我知道谈话就此结束了。从此我再也没有见到过她。她是位值得钦佩的女人,但不太对我的胃口。

* * *

[1] 拒绝接受圣父、圣子、圣灵三位一体,认为上帝只有单一神性的基督教流派。

[2] 指华兹华斯的一首同名长诗。

[3] 应指华兹华斯的《不朽颂》。

[4] 指法国小说家普雷沃(1697—1763)。

[5] 亨利·詹姆斯首次在伦敦上演的剧作,时值1895年。

[6] 俄国小说家、剧作家契诃夫的戏剧代表作之一。

[7] 威廉·詹姆斯的妻子,即亨利的嫂子。

[8] 即手指的痉挛。

[9] 因此他格外希望通过强调出身来区别自己和其他美国人。

[10] 指王尔德被控鸡奸罪,被判有罪并遭受两年监禁一事。

[11] 这是句巧妙的双关。死人没有灵魂,雷吉这一方面是在暗示王尔德还活得好好的,另一方面是赞赏他才华出众。

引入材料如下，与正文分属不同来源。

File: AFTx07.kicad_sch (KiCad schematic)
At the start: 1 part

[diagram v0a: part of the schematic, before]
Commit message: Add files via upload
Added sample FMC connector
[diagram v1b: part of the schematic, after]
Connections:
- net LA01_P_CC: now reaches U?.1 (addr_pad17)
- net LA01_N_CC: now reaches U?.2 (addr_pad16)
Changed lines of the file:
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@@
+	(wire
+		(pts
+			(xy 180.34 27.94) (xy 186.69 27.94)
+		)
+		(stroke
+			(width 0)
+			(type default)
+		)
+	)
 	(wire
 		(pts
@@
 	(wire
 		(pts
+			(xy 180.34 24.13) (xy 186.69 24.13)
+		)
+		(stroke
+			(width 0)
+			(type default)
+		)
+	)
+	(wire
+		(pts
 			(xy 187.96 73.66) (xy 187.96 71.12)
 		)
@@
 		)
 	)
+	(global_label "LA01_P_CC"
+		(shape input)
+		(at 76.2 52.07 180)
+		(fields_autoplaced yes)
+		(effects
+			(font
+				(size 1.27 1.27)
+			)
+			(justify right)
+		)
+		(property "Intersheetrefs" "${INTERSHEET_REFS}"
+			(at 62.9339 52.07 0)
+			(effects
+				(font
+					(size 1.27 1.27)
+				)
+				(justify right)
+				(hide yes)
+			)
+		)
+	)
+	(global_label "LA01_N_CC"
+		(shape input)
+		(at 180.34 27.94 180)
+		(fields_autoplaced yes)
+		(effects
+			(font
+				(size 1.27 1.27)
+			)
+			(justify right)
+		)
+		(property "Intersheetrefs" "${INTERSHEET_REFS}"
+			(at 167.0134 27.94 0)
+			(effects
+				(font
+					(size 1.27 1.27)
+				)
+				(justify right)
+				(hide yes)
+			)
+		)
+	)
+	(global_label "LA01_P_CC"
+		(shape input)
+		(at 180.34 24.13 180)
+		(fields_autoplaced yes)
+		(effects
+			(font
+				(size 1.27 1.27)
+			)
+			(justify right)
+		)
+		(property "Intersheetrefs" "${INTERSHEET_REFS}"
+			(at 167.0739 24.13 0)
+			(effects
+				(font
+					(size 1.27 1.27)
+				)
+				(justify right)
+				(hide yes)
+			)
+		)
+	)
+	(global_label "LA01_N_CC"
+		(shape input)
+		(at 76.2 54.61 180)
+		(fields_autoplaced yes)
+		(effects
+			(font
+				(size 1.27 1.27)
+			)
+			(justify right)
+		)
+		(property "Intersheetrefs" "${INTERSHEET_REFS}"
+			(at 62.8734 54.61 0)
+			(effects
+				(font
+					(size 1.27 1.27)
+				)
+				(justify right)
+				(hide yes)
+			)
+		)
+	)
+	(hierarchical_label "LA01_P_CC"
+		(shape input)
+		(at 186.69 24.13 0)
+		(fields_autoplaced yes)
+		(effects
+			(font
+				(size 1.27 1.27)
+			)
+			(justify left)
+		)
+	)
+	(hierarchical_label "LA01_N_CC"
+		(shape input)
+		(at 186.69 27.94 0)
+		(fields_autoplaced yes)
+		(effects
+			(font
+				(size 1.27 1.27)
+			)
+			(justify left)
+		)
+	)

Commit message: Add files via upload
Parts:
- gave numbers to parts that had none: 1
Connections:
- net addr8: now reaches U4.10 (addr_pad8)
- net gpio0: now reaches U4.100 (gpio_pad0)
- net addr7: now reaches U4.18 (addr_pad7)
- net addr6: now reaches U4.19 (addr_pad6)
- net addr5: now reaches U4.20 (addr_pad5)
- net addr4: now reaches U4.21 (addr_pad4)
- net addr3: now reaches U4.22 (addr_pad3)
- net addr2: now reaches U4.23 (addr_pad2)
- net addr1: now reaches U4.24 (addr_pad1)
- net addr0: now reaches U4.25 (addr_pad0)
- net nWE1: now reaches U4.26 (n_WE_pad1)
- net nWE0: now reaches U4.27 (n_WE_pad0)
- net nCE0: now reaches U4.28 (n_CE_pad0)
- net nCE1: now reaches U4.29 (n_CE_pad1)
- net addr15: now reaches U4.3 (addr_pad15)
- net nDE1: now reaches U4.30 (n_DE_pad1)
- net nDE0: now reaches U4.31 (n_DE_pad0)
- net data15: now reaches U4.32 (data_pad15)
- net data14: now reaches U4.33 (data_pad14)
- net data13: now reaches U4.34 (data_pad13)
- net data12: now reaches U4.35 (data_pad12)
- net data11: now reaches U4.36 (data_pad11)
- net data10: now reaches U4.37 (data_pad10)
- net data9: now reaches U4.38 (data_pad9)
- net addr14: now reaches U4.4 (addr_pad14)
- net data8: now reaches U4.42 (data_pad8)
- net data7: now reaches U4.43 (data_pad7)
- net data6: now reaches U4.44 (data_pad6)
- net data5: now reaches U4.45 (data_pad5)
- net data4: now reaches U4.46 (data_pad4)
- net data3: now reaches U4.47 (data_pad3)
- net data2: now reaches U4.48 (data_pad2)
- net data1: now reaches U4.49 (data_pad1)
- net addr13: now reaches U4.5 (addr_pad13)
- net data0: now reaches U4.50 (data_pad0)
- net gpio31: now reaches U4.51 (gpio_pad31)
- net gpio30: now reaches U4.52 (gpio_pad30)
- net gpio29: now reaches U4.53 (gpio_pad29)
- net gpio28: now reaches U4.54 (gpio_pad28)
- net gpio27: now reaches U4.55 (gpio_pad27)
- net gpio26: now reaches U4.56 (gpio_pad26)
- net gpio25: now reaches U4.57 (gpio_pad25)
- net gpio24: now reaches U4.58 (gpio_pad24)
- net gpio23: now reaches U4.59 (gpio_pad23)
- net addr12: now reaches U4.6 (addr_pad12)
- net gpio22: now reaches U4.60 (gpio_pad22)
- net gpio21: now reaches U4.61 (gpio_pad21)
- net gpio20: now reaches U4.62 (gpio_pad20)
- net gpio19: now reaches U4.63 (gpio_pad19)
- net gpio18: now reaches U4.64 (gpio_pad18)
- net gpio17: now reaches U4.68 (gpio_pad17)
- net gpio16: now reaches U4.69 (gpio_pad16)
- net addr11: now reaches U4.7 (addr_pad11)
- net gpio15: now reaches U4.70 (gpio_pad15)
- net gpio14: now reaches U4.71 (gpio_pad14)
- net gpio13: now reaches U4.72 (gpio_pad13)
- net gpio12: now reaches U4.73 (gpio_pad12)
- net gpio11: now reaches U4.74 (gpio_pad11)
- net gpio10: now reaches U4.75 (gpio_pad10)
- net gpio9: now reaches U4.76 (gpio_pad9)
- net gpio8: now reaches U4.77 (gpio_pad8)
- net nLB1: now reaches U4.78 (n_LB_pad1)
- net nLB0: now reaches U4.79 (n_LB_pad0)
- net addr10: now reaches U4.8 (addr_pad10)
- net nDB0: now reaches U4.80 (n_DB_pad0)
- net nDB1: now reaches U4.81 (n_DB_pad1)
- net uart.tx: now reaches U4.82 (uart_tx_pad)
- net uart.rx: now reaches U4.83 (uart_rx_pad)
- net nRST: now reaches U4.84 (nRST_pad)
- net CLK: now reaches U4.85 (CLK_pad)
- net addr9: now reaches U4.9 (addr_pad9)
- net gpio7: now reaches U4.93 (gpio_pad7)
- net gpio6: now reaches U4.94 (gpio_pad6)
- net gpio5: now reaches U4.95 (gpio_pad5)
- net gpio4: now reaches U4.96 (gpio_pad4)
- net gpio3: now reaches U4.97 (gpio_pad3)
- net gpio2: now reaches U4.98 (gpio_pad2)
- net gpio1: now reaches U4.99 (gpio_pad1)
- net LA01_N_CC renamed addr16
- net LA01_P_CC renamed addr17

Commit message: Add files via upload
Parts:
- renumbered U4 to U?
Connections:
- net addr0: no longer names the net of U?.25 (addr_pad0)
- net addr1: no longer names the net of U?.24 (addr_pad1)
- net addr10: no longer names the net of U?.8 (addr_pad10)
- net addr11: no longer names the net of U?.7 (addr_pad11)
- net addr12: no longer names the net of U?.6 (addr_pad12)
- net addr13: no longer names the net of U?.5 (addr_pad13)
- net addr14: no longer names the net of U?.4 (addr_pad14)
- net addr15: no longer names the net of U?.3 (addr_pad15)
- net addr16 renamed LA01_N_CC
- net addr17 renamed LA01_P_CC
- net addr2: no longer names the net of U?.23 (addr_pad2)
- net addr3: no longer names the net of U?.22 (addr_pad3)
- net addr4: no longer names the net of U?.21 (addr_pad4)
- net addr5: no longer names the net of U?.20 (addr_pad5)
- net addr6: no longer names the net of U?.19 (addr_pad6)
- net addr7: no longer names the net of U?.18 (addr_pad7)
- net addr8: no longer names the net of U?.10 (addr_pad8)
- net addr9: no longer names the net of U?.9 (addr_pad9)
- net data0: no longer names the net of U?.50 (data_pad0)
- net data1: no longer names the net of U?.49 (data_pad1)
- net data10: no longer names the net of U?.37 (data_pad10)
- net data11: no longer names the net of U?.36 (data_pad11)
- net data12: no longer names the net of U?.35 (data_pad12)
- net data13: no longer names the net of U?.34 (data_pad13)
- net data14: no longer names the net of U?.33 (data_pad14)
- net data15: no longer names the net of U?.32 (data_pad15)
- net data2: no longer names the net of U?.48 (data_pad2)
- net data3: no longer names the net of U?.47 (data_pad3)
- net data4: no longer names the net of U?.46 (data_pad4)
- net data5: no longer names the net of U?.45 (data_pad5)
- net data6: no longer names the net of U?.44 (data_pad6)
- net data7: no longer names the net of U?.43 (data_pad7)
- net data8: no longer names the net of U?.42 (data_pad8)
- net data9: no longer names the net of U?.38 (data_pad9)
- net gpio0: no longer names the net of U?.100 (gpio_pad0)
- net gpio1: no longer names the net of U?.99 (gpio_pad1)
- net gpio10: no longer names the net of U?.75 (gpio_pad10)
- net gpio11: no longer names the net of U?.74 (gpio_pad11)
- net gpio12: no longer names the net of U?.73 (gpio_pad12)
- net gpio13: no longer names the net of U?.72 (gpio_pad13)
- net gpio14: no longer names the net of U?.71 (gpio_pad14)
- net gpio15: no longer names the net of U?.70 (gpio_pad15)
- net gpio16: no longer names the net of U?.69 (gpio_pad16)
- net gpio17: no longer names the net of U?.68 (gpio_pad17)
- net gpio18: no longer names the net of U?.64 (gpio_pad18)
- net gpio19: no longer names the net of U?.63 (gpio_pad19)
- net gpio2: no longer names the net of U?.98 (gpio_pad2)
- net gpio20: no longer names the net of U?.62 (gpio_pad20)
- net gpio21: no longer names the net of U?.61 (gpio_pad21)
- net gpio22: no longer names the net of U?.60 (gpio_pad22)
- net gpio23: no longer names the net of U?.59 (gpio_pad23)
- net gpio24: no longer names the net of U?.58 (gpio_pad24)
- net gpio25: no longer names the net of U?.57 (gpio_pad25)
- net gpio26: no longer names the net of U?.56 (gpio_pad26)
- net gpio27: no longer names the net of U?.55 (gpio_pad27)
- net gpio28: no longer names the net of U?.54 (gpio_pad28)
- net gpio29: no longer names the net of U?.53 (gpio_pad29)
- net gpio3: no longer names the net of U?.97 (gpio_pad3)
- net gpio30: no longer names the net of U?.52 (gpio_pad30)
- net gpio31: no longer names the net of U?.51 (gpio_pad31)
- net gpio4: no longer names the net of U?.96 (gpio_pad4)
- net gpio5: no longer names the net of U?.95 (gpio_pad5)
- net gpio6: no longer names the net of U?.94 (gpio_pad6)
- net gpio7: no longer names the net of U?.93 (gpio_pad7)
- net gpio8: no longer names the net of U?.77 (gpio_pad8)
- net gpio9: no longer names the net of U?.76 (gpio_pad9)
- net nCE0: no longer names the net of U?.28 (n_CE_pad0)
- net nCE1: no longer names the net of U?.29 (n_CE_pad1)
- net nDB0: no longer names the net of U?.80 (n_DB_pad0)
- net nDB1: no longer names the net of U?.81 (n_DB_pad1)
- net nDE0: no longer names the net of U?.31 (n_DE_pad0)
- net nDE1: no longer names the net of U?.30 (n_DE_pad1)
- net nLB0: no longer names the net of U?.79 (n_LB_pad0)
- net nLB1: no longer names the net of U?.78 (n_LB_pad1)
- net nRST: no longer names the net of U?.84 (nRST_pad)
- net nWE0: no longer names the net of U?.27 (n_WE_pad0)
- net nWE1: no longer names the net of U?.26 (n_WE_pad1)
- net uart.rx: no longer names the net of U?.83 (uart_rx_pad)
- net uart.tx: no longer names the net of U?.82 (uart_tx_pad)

[12] 作者这里指当时欧洲知识分子的清高与脱俗姿态,鄙视大众的审美观。如果一部作品广受大众喜爱,那它一定缺乏内涵与品味,不配得到知识阶层的重视。

[13] 当时的两位著名喜剧演员。

[14] 和中国葬俗中的“哭丧队”不同,西方葬礼是沉默肃静的,因此死者亲属雇来充葬礼排场的人也是默不作声的。

[15] 指二战。

[16] H·G·威尔斯一部重要的科幻小说。

[17] 阿诺德·本涅特的一部重要长篇小说。

[18] “五镇”是指组成英国斯坦福郡城市特伦特河畔斯托克的五镇,也是阿诺德的故乡。阿诺德在他的小说中大量地以这五镇为背景。

[19] 塞维尼侯爵夫人(1626—1696),法国女作家,唯一的作品《书简集》收有同女儿等人的通信,反映路易十四时代的宫廷生活和社会状况,有较高文学价值。

[20] 阿诺德早年曾在父亲的律师事务所中工作。

[21] 在过去的英国,楼下是指仆人的房间,主人则住在楼上。

[22] 按照英国旧俗,有地位的客人才能从前门进屋,接受主人的郑重接待,而地位低下的人只能从后门进屋。

[23] 指美国著名女作家伊迪丝·华顿(1862—1937),《欢乐之家》、《纯真年代》、《伊坦·弗洛美》的作者。

[24] 据《圣经·使徒行传》记载在使徒保罗的传道下皈依基督教的雅典大法官。

[25] 德·莱昂(1527—1591),西班牙神秘主义者、诗人,曾给予西班牙文艺复兴时期的散文和诗歌以重大影响。

[26] 印度教吠檀多不二论哲学的集大成者。

[27] 当时著名的音乐厅女歌手,被誉为“音乐厅女王”。

[28] 根据一部1937年的音乐剧中同名歌曲改编的走步舞,并在1938年后风靡英美,反映的是伦敦下层的通俗文化。

[29] 莫伊奥尔(1861—1944),法国雕塑家、画家。